Structural Life‑Regime Profiles#
SLRP_module.json— Agentic module schema role assignments
A triadic substrate for cross‑domain life‑regime analysis
Structural Life‑Regime Profiles provide a unified, architecture‑agnostic framework for describing how biological and artificial systems perceive, process, and act within their environments.
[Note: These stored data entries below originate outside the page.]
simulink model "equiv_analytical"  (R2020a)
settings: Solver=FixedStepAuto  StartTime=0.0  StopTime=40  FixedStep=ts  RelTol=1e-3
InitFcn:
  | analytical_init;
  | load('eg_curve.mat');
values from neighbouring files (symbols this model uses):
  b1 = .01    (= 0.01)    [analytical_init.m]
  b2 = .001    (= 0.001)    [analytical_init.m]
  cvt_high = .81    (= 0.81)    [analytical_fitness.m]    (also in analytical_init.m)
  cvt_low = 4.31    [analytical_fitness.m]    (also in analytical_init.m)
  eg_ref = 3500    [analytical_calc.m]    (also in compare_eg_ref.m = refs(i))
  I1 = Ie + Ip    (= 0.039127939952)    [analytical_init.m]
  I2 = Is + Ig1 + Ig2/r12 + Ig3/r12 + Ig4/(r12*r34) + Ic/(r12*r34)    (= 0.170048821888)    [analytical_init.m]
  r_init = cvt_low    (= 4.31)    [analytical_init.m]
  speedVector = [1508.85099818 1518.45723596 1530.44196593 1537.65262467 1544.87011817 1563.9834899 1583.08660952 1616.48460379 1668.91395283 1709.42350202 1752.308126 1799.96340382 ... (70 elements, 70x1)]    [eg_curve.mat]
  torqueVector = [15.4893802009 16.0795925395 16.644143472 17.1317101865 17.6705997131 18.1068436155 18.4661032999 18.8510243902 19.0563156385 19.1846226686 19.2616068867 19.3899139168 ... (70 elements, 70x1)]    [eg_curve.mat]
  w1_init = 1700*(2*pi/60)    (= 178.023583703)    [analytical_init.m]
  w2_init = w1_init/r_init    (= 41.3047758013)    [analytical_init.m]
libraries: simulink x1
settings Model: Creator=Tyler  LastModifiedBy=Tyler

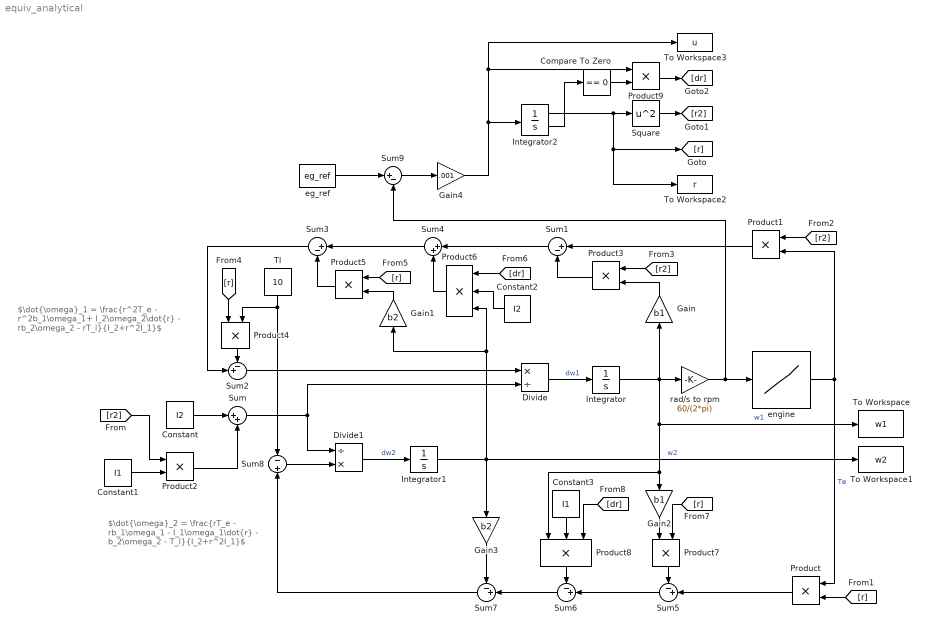
== system equiv_analytical ==
  note: $\dot{\omega}_1 = \frac{r^2T_e - r^2b_1\omega_1+ I_2\omega_2\dot{r} - rb_2\omega_2 - rT_l}{I_2+r^2I_1}$
  note: $\dot{\omega}_2 = \frac{rT_e - rb_1\omega_1 - I_1\omega_1\dot{r} - b_2\omega_2 - T_l}{I_2+r^2I_1}$
  Compare To Zero : simulink/Logic and Bit Operations/Compare To Zero  relop===  OutDataTypeStr=boolean
  Constant : Constant  Value=I2
  Constant1 : Constant  Value=I1
  Constant2 : Constant  Value=I2
  Constant3 : Constant  Value=I1
  Divide : Product  Inputs=*/
  Divide1 : Product  Inputs=/*
  Gain : Gain  Gain=b1
  Gain1 : Gain  Gain=b2
  Gain2 : Gain  Gain=b1
  Gain3 : Gain  Gain=b2
  Gain4 : Gain  Gain=.001
  Integrator : Integrator  InitialCondition=w1_init  LimitOutput=on  LowerSaturationLimit=min(speedVector)*2*pi/60
  Integrator1 : Integrator  InitialCondition=w2_init  LimitOutput=on  LowerSaturationLimit=0
  Integrator2 : Integrator  InitialCondition=r_init  LimitOutput=on  UpperSaturationLimit=cvt_low  LowerSaturationLimit=cvt_high  ShowSaturationPort=on
  Product{,1..5,7,9} (8 alike) : Product
  Product6 : Product  Inputs=3
  Product8 : Product  Inputs=3
  Square : Math  Operator=square  SaturateOnIntegerOverflow=on
  Sum : Sum  Inputs=|++
  Sum1 : Sum  Inputs=|+-
  Sum{2,5..7} (4 alike) : Sum  Inputs=-+|
  Sum3 : Sum  Inputs=|+-
  Sum4 : Sum  Inputs=|++
  Sum8 : Sum  Inputs=-|+
  Sum9 : Sum  Inputs=|+-
  Tl : Constant  Value=10
  To Workspace : ToWorkspace  VariableName=w1  SaveFormat=Timeseries  SampleTime=-1
  To Workspace1 : ToWorkspace  VariableName=w2  SaveFormat=Timeseries  SampleTime=-1
  To Workspace2 : ToWorkspace  VariableName=r  SaveFormat=Timeseries  SampleTime=-1
  To Workspace3 : ToWorkspace  VariableName=u  SaveFormat=Timeseries  SampleTime=-1
  eg_ref : Constant  Value=eg_ref
  engine : Lookup_n-D  NumberOfTableDimensions=1  BreakpointsForDimension1=speedVector  Table=torqueVector  InternalRulePriority=Speed  RndMeth=Simplest  InputSameDT=on
  rad/s to rpm : Gain  Gain=60/(2*pi)
  wires:
  Integrator2/1 -> To Workspace2/1, [r], Square/1
  Integrator/1 -> Product8/1, Gain2/1, To Workspace/1, rad/s to rpm/1, Gain/1  "w1"
  Integrator1/1 -> To Workspace1/1, Gain1/1, Product6/3, Gain3/1  "w2"
  Divide/1 -> Integrator/1  "dw1"
  Divide1/1 -> Integrator1/1  "dw2"
  engine/1 -> Product/1, Product1/2  "Te"
  Sum/1 -> Divide1/1, Divide/2
  Square/1 -> [r2]
  [r2] -> Product2/1
  Constant1/1 -> Product2/2
  [r2] -> Product1/1
  [r2] -> Product3/1
  Gain/1 -> Product3/2
  Product1/1 -> Sum1/1
  Product3/1 -> Sum1/2
  Tl/1 -> Product4/2, Sum8/1
  [r] -> Product4/1
  Product5/1 -> Sum3/2
  [r] -> Product5/1
  Gain1/1 -> Product5/2
  Product6/1 -> Sum4/2
  [dr] -> Product6/1
  Sum2/1 -> Divide/1
  Product/1 -> Sum5/2
  Gain2/1 -> Product7/1
  [r] -> Product7/2
  Product7/1 -> Sum5/1
  Sum5/1 -> Sum6/2
  Sum6/1 -> Sum7/2
  Gain3/1 -> Sum7/1
  Product8/1 -> Sum6/1
  [dr] -> Product8/3
  [r] -> Product/2
  Constant3/1 -> Product8/2
  Sum7/1 -> Sum8/2
  Sum8/1 -> Divide1/2
  Product4/1 -> Sum2/1
  Constant/1 -> Sum/1
  Product2/1 -> Sum/2
  Sum1/1 -> Sum4/1
  Sum4/1 -> Sum3/1
  Sum3/1 -> Sum2/2
  Constant2/1 -> Product6/2
  rad/s to rpm/1 -> Sum9/2, engine/1
  eg_ref/1 -> Sum9/1
  Sum9/1 -> Gain4/1
  Gain4/1 -> Product9/1, To Workspace3/1, Integrator2/1
  Product9/1 -> [dr]
  Compare To Zero/1 -> Product9/2
  Integrator2/2 -> Compare To Zero/1

The goal is to align life‑regime modeling with the vST substrate, reduce conceptual drift, and simplify cross‑species and cross‑architecture comparisons.
This artifact introduces a minimal structural grammar for life‑regimes, enabling consistent classification across organisms, autonomous systems, and synthetic agents.
Purpose#
Life‑regimes emerge whenever a system maintains coherence through:
- structural constraints
- sensory coupling
- environmental interaction
- behavioral patterns
- drift and stability conditions
This project formalizes those regimes into a substrate‑level profile that can be applied to:
- biological species
- autonomous AI models
- robotics stacks
- synthetic lifeforms
- hybrid or emergent systems
The result is a cross‑domain atlas of life‑regimes that supports research, validation, and large‑scale comparative analysis.
Triadic Substrate#
Each life‑regime profile is organized around three structural layers:
1. Structural Regime#
Internal architecture, memory, learning capacity, computational constraints, and coherence mechanisms.
2. Sensory Regime#
Modalities, bandwidth, resolution, perceptual limits, and environmental coupling.
3. Environmental Regime#
Habitat, temporal cycles, social structure, resource patterns, and survival pressures.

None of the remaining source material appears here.